* _WHAT YOU ARE ASKED TO DO_
Please copy out each line of the entries in which "CACHÉ" appears.

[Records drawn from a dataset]
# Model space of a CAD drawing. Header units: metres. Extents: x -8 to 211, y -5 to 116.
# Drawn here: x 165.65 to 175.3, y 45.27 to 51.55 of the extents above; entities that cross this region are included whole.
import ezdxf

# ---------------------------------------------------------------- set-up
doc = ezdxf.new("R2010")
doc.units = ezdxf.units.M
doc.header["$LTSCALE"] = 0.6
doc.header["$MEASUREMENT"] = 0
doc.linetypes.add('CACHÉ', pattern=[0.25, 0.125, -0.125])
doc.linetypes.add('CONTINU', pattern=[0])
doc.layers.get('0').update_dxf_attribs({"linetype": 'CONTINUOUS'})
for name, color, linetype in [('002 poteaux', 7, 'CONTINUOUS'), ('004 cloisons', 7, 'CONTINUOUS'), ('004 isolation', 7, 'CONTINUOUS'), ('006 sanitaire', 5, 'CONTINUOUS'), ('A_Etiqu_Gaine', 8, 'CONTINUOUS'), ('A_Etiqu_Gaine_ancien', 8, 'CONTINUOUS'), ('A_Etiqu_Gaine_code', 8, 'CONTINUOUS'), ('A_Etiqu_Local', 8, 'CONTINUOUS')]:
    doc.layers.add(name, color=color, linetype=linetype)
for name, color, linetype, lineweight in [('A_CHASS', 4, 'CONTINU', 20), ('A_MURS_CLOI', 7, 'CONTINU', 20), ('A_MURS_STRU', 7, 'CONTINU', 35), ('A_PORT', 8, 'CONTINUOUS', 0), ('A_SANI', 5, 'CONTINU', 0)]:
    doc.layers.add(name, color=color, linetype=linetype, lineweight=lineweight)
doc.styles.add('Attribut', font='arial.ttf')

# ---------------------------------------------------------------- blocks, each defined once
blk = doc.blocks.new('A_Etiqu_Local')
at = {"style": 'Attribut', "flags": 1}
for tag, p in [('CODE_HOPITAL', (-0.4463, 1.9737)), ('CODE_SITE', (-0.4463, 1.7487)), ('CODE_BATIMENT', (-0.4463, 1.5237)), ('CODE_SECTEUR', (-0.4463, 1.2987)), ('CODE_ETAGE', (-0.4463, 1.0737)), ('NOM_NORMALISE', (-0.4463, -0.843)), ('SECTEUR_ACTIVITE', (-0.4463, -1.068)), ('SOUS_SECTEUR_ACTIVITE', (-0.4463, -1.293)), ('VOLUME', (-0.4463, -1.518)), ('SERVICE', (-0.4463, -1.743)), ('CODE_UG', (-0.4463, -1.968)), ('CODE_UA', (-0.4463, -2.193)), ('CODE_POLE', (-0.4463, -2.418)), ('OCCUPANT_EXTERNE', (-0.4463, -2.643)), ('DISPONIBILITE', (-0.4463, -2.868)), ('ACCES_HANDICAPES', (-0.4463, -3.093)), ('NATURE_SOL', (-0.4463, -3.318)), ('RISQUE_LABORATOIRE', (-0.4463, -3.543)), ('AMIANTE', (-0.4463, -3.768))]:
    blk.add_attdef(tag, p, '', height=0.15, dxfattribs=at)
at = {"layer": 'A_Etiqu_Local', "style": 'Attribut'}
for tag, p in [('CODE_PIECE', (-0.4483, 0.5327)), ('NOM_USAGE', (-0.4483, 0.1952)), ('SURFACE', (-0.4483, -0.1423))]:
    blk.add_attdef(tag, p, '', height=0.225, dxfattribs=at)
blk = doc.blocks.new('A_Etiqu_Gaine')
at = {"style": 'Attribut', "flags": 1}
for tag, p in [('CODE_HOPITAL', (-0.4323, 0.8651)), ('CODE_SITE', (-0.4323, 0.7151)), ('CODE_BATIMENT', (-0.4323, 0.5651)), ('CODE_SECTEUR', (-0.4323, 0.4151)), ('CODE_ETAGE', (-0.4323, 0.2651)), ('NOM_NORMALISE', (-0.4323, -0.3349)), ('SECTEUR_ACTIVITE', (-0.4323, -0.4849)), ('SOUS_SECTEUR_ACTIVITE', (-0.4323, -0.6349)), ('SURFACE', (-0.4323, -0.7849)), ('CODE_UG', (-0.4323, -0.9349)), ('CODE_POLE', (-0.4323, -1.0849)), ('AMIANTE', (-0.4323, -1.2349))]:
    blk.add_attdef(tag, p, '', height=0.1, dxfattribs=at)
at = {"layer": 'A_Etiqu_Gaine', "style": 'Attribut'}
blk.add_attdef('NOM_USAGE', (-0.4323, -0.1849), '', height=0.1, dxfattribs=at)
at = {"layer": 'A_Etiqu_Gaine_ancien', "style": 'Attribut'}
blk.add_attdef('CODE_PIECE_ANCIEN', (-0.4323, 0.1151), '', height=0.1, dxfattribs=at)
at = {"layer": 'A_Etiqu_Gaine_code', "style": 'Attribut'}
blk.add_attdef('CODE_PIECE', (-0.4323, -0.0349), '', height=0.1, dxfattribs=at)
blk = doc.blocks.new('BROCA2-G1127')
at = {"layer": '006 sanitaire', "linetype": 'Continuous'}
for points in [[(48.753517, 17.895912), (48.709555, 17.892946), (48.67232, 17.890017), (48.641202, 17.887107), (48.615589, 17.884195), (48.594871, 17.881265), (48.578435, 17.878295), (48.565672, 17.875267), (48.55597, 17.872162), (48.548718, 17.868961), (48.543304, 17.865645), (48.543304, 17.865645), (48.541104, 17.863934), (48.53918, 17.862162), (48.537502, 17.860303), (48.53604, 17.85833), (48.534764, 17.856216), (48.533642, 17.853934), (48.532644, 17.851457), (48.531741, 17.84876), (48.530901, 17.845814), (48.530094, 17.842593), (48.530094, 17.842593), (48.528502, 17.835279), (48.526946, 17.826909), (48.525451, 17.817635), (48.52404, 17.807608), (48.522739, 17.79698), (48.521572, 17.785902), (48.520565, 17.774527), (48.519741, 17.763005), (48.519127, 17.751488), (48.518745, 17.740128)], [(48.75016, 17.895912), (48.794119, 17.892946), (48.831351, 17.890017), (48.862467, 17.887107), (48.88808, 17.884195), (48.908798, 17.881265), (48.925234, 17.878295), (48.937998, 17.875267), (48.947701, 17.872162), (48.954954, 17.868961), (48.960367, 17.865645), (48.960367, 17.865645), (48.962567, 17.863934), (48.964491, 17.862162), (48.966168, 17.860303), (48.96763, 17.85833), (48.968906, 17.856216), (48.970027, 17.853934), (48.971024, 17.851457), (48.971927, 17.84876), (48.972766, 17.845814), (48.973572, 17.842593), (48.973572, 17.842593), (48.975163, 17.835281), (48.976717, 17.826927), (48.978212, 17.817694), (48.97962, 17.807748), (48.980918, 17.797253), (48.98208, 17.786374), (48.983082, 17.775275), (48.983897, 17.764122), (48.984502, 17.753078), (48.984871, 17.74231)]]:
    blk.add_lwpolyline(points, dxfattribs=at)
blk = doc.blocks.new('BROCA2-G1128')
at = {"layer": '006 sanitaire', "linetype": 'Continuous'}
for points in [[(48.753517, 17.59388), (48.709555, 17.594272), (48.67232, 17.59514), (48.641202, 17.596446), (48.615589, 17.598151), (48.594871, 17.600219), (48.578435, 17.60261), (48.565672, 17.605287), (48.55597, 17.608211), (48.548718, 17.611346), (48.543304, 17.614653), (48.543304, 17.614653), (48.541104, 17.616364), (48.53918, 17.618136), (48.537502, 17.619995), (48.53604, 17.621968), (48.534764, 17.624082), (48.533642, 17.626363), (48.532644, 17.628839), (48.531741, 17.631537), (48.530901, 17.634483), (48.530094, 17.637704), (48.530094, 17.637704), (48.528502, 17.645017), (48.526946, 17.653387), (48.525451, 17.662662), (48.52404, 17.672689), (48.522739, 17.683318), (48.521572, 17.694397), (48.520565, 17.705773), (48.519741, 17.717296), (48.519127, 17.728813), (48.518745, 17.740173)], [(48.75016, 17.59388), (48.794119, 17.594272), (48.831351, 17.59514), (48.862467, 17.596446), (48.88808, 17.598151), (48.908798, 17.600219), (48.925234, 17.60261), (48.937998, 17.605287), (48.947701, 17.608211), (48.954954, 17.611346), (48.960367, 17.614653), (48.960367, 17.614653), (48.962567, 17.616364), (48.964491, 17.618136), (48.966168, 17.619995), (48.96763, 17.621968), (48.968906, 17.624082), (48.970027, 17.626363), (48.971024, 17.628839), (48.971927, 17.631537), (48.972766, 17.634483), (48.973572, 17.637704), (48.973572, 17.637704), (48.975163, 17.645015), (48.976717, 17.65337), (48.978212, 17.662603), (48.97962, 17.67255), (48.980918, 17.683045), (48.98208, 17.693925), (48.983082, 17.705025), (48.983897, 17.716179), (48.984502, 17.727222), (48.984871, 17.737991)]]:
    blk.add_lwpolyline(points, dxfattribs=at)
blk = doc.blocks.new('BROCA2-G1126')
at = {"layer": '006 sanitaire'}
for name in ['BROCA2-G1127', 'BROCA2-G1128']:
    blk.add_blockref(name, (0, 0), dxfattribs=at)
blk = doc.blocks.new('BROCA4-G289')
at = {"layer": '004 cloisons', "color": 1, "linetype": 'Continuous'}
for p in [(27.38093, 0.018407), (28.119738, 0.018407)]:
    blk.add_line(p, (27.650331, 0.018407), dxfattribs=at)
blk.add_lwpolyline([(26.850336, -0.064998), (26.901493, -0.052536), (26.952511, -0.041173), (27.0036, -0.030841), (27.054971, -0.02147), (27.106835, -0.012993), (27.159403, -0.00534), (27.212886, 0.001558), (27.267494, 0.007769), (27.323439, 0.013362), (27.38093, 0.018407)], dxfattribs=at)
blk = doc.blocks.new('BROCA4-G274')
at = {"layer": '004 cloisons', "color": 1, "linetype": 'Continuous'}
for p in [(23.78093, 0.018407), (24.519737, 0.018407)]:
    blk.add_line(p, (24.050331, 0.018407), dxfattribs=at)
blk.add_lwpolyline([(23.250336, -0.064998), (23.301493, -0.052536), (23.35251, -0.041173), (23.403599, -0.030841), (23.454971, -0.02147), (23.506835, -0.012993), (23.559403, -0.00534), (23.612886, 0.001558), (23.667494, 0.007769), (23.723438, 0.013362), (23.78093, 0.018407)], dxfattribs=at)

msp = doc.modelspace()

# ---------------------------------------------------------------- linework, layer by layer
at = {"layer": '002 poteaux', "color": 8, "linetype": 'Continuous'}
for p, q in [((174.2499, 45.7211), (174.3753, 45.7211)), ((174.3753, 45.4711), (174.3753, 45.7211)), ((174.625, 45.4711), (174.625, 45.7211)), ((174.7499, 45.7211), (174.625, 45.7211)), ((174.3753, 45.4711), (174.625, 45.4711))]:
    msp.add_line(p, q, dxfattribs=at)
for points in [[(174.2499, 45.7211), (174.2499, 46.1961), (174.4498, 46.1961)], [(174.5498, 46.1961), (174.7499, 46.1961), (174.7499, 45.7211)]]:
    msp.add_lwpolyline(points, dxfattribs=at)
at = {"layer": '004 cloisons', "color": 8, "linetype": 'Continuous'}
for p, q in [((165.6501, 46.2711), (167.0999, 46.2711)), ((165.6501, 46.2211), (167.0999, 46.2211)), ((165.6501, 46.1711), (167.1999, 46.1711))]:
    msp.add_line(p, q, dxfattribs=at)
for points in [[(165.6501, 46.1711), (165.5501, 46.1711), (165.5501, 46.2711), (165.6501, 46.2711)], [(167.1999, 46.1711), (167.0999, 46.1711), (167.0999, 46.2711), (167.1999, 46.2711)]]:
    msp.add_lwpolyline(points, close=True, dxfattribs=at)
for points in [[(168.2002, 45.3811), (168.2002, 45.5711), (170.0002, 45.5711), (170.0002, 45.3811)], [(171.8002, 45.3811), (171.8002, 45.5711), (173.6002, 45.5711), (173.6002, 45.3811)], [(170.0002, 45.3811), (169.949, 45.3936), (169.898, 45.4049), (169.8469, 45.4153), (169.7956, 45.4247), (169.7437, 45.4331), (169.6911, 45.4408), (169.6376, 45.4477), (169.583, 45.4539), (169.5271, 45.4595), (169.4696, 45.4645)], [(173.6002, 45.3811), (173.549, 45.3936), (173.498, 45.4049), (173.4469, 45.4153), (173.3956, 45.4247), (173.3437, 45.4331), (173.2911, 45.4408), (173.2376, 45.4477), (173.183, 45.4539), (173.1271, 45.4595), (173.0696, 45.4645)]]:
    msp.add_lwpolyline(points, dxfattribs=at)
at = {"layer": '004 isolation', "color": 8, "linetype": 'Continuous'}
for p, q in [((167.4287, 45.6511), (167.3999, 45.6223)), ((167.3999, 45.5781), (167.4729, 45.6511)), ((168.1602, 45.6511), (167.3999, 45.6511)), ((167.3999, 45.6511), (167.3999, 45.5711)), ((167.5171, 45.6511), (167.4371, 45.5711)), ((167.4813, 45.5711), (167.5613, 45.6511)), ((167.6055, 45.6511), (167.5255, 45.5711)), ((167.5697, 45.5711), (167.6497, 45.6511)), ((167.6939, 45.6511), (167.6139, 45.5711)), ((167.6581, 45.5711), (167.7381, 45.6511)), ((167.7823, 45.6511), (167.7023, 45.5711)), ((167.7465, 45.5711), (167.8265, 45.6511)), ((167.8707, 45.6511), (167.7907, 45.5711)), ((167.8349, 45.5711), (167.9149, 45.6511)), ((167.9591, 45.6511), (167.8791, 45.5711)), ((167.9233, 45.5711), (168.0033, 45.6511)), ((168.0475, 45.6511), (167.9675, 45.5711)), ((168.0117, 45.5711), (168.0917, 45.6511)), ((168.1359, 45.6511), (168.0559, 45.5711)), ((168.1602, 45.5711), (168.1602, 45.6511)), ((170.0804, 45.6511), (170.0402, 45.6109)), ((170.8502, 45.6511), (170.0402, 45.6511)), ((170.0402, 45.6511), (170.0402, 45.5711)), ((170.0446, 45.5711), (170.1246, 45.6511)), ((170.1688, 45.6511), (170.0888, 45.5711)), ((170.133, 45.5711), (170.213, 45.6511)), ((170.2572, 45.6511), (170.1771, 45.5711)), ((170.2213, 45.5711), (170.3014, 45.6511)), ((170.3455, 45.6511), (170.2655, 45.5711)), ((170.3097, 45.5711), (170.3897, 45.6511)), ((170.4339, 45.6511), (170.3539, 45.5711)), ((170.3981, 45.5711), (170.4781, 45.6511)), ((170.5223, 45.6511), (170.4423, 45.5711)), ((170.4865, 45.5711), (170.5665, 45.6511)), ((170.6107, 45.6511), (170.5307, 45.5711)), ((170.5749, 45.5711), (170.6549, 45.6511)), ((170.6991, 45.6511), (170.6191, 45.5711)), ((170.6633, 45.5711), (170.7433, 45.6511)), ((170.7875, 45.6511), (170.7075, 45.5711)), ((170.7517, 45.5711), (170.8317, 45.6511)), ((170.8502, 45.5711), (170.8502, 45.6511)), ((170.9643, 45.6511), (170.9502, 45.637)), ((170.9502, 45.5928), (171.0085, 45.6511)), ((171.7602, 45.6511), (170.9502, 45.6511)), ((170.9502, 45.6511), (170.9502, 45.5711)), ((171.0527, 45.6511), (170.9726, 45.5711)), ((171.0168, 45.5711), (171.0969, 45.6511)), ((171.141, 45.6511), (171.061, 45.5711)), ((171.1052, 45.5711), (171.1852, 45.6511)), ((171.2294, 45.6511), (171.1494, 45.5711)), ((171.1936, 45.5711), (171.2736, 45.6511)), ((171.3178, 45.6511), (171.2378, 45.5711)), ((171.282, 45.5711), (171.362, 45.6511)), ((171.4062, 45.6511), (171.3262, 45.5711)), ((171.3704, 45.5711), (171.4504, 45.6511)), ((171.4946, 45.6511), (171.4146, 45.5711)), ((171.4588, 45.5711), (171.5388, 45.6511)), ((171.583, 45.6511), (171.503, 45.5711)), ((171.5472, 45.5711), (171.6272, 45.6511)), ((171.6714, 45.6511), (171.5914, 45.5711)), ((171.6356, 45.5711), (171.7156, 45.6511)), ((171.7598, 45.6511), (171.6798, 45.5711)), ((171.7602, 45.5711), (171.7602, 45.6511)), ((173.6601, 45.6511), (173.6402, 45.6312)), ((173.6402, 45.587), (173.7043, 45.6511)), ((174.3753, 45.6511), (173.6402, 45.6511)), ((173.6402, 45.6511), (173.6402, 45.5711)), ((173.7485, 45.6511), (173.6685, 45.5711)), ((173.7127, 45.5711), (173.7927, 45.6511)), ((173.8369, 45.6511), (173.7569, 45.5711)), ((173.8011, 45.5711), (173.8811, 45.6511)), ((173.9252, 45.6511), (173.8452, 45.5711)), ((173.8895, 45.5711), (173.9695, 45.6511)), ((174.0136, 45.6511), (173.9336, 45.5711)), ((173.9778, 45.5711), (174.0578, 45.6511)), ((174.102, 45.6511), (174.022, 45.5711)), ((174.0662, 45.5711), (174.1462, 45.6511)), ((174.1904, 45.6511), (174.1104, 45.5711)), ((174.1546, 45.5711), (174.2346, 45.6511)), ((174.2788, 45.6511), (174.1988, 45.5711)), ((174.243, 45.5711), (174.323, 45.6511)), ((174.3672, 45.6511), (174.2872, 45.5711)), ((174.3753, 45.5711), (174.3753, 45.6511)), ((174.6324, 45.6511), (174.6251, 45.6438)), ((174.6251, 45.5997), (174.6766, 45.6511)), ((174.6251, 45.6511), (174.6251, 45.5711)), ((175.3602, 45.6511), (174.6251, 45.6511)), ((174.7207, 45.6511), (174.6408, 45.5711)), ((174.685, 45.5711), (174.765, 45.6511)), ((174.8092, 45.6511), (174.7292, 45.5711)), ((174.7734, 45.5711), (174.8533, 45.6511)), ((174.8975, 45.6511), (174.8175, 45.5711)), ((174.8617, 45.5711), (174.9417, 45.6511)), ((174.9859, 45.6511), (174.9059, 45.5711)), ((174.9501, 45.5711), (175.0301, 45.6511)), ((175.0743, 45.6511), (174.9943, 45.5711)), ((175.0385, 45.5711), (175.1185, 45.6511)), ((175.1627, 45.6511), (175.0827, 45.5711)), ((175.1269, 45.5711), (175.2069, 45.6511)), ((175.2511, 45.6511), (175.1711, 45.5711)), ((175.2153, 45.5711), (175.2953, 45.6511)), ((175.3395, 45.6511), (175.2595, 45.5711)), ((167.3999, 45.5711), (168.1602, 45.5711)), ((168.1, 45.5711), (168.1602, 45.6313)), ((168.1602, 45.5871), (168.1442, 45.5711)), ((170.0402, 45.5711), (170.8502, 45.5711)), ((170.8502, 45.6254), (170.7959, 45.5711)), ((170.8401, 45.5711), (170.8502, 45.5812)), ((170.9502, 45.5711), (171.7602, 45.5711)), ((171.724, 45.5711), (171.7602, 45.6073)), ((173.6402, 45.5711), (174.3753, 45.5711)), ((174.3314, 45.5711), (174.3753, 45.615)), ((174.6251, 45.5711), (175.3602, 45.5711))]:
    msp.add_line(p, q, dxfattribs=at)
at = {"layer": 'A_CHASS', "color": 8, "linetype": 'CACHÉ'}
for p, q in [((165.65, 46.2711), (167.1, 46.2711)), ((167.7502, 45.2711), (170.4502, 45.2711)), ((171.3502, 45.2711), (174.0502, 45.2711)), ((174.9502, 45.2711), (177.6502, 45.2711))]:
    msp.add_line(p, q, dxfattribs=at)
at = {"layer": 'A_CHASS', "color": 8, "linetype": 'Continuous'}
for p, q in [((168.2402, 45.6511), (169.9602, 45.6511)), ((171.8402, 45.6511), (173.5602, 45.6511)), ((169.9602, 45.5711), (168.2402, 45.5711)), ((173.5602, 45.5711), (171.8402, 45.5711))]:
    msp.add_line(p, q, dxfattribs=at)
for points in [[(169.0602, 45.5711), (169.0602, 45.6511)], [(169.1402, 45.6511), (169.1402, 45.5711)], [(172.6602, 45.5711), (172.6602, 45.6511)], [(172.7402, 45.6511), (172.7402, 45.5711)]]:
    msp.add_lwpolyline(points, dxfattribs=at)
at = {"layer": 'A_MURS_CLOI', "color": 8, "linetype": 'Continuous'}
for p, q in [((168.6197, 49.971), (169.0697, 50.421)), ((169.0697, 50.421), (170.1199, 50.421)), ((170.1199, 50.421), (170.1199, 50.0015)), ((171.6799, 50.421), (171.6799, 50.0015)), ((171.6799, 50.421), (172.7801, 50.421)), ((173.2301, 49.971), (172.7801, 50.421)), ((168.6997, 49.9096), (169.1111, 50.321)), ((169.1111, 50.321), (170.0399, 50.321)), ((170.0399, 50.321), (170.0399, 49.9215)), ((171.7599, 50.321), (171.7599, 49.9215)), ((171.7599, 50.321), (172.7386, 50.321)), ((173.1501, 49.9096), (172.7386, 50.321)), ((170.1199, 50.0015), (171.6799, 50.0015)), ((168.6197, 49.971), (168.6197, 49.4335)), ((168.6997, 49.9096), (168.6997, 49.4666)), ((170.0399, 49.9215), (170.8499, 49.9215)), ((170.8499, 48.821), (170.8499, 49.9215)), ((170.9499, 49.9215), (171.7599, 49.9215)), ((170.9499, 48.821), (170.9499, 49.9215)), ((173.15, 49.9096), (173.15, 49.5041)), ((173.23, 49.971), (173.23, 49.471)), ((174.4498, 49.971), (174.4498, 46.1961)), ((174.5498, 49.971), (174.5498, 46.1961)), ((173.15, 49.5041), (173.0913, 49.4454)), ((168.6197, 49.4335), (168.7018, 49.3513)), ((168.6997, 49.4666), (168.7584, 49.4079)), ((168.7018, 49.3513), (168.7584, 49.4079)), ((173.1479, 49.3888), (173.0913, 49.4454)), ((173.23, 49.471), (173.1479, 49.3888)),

* _PROBLEM SOLUTION_
doc.linetypes.add('CACHÉ', pattern=[0.25, 0.125, -0.125])
at = {"layer": 'A_CHASS', "color": 8, "linetype": 'CACHÉ'}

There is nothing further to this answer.